Theme 4: Exchange rates Flashcards
What happens if the pound appreciates?
Stronger
Pound
Imports
Cheaper
Exports
Expensive
Draw a diagram to show the impact of a decrease in the supply of pounds on the exchange rate.
Draw a diagram to show the impact of a decrease in the supply of pounds on the exchange rate.
How do imports and exports impact the exchange rate?
A decrease in imports leads to an appreciation of the pound
A decrease in exports leads to a depreciation of the pound.
What will happen to the exchange rate as a result of an increase in the number of UK consumers travelling abroad in the summer?
The supply of pounds will increase which will lead to a depreciation
What will happen to the exchange rate as a result of an increase in the number of Chinese consumers travelling to the UK?
The demand for pounds will increase causing an appreciation
What is speculation?
When investors predict changes in a currency’s exchange rate to make a profit.
If Argentina increased its base interest rate what would happen?
There would be an outward shift of the demand curve for Argentine Pesos
There would be an increase in hot money flows in to the country
There would be an increase in the price of Pesos relative to other currencies
What are the factors influencing a countries exchange rate?
- Imports and exports
- Speculation
- Relative interest rates
- Relative inflation rates
- FDI
- Quantitative easing
Why will quantitative easing depreciate the currency?

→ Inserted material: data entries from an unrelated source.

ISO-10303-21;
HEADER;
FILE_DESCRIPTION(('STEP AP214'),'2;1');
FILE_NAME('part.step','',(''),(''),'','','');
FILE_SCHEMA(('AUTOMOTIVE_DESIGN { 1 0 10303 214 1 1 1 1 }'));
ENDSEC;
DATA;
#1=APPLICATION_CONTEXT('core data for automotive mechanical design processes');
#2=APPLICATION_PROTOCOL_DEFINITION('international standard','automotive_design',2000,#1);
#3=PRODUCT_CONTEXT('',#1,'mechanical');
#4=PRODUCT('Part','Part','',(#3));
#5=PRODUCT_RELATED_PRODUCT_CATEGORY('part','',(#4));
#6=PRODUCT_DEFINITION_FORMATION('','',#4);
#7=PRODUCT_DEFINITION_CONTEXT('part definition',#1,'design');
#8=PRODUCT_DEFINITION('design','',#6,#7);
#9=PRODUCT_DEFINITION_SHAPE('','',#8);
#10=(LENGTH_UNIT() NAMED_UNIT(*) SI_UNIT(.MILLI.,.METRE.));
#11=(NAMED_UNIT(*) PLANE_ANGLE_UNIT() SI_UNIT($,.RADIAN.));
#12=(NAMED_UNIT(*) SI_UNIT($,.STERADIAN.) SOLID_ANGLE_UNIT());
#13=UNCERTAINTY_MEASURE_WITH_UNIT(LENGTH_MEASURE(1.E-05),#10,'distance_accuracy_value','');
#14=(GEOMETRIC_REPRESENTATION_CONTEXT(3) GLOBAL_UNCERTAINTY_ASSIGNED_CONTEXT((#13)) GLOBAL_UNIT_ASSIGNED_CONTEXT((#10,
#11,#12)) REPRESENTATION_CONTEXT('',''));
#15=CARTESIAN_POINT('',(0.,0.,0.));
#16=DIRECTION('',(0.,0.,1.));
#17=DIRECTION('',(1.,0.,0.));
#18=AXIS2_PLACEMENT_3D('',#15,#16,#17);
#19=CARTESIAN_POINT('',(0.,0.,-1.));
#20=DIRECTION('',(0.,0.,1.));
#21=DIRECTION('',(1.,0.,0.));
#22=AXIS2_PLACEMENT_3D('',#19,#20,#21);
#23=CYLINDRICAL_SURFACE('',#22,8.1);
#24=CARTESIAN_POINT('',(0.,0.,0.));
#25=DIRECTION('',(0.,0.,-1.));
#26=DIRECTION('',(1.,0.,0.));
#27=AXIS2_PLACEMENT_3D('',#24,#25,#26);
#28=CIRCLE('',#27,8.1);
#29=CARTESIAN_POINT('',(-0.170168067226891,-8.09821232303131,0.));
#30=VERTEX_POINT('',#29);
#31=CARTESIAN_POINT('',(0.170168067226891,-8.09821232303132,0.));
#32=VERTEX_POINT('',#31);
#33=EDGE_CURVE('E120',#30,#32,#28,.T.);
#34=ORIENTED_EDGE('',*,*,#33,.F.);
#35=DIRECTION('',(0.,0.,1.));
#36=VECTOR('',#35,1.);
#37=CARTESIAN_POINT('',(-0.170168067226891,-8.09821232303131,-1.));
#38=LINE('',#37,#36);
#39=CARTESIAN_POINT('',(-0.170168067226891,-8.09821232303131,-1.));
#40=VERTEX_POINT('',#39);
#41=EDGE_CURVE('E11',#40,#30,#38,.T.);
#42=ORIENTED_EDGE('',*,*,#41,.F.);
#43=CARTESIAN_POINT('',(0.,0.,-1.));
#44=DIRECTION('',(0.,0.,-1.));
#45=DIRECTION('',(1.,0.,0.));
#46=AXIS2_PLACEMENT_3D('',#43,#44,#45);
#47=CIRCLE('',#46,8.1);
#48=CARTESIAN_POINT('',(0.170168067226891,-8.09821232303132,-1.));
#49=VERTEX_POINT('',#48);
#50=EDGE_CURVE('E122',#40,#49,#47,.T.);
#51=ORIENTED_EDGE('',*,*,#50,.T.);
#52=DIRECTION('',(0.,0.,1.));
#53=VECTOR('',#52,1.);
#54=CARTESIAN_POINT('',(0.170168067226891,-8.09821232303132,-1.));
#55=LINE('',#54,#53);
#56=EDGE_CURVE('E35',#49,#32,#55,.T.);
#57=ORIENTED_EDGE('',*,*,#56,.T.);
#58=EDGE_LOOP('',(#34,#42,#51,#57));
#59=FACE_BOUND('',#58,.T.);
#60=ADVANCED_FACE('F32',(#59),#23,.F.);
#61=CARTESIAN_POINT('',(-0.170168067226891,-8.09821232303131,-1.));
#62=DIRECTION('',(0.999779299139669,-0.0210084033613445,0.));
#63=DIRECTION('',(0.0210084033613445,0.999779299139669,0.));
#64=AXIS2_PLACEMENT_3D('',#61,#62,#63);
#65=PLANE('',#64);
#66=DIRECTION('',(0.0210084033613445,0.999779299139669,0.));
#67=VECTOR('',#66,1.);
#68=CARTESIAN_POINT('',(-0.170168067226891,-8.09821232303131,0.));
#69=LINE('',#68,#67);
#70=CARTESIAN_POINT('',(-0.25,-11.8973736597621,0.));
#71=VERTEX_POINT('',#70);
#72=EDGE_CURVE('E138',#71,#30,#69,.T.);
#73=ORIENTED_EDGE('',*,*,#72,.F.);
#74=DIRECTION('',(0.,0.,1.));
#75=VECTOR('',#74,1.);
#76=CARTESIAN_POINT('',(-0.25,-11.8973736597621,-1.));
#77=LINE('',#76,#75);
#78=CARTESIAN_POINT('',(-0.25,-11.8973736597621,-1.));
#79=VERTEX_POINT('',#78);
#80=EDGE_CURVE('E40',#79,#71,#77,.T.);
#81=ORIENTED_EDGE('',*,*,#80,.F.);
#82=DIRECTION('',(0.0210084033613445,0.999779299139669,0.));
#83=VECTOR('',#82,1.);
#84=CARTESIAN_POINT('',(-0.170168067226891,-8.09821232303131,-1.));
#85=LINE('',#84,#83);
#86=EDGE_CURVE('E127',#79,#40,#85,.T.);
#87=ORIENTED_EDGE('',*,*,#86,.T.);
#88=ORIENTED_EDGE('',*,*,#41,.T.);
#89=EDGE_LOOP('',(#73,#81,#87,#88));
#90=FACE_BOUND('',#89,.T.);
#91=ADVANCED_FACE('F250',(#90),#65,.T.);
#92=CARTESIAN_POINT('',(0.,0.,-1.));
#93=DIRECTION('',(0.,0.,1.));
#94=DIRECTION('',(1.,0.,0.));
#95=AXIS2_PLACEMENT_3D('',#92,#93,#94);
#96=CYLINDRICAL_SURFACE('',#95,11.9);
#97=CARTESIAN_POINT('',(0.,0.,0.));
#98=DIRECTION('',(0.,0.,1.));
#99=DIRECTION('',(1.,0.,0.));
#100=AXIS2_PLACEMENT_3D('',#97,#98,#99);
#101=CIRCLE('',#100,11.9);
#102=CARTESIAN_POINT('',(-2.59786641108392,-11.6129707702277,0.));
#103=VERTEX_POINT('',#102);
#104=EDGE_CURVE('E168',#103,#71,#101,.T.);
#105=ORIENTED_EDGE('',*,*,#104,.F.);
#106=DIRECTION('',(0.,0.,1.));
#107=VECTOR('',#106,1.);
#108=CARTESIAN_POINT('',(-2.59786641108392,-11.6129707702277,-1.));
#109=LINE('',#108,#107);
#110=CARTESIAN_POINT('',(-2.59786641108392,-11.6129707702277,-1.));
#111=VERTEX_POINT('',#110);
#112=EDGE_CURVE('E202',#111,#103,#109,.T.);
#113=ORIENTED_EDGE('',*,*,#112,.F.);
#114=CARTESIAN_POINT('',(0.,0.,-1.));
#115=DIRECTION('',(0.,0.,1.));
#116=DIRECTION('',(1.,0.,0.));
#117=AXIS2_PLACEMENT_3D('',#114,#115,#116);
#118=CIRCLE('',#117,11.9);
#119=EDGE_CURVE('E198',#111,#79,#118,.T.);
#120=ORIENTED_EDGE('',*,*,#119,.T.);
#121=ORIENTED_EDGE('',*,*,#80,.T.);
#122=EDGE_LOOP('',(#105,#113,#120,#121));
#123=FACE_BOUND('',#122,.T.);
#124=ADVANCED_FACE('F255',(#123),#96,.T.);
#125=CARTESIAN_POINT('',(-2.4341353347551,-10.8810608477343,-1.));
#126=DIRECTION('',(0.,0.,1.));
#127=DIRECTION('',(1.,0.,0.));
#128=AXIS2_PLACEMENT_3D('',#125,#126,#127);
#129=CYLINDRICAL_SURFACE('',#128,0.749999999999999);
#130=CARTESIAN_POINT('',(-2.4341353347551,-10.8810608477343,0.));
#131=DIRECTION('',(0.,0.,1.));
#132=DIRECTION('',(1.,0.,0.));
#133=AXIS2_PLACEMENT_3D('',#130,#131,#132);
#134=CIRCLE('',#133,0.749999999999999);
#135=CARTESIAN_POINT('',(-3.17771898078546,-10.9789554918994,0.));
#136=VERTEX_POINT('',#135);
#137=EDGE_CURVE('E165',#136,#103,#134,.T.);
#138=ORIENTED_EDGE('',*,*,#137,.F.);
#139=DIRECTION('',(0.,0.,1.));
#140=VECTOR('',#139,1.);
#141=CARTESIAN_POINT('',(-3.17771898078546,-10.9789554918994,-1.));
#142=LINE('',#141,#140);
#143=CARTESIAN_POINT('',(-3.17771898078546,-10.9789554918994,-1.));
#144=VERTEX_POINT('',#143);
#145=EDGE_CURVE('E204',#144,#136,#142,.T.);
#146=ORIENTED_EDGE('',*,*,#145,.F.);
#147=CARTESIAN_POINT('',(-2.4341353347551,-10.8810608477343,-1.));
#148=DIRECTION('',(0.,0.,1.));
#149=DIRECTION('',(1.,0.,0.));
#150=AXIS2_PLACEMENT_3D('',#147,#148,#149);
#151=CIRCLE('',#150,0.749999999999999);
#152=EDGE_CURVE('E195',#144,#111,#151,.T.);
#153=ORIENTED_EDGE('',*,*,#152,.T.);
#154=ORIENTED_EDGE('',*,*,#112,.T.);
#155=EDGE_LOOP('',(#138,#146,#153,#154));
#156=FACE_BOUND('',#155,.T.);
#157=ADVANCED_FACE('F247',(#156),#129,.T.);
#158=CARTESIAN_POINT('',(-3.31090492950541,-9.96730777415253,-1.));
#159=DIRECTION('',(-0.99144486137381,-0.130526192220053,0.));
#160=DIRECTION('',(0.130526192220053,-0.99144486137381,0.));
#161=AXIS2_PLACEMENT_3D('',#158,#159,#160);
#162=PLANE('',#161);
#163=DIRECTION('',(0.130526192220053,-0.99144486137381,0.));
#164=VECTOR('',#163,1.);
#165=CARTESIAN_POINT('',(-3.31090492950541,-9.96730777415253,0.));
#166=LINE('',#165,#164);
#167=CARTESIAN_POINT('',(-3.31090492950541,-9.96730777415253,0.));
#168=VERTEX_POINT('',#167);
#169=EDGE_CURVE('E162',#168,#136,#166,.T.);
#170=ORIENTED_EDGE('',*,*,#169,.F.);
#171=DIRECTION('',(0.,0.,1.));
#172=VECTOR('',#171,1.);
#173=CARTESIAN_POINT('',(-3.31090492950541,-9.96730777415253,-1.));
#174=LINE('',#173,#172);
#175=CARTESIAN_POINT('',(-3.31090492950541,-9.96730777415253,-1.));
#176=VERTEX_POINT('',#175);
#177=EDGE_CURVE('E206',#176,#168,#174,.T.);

As the supply of money in an economy will increase.
What is a floating exchange rate?
Where the values of a currency are determined by free market forces and where the value of a currency changes from day to day.
What are fixed exchange rates? and what are the closest examples of when they are used currently?
Where a country’s currency has a fixed value against another currency or commodity.
- Using another currency often the dollar
- Set up a common currency eg the euro
What is a managed exchange rate?
An exchange rate system where free markets determine the value of a currency but where central banks intervene from time to time to change the value of their currency.
What is an example of a form of fixed exchange rate that is no longer used?
Gold standard
How does a central bank influence the exchange rate?
Directly- By buying and selling currency using gold and foreign reserves held in its central bank.
Indirectly- raising or lowering interest rates.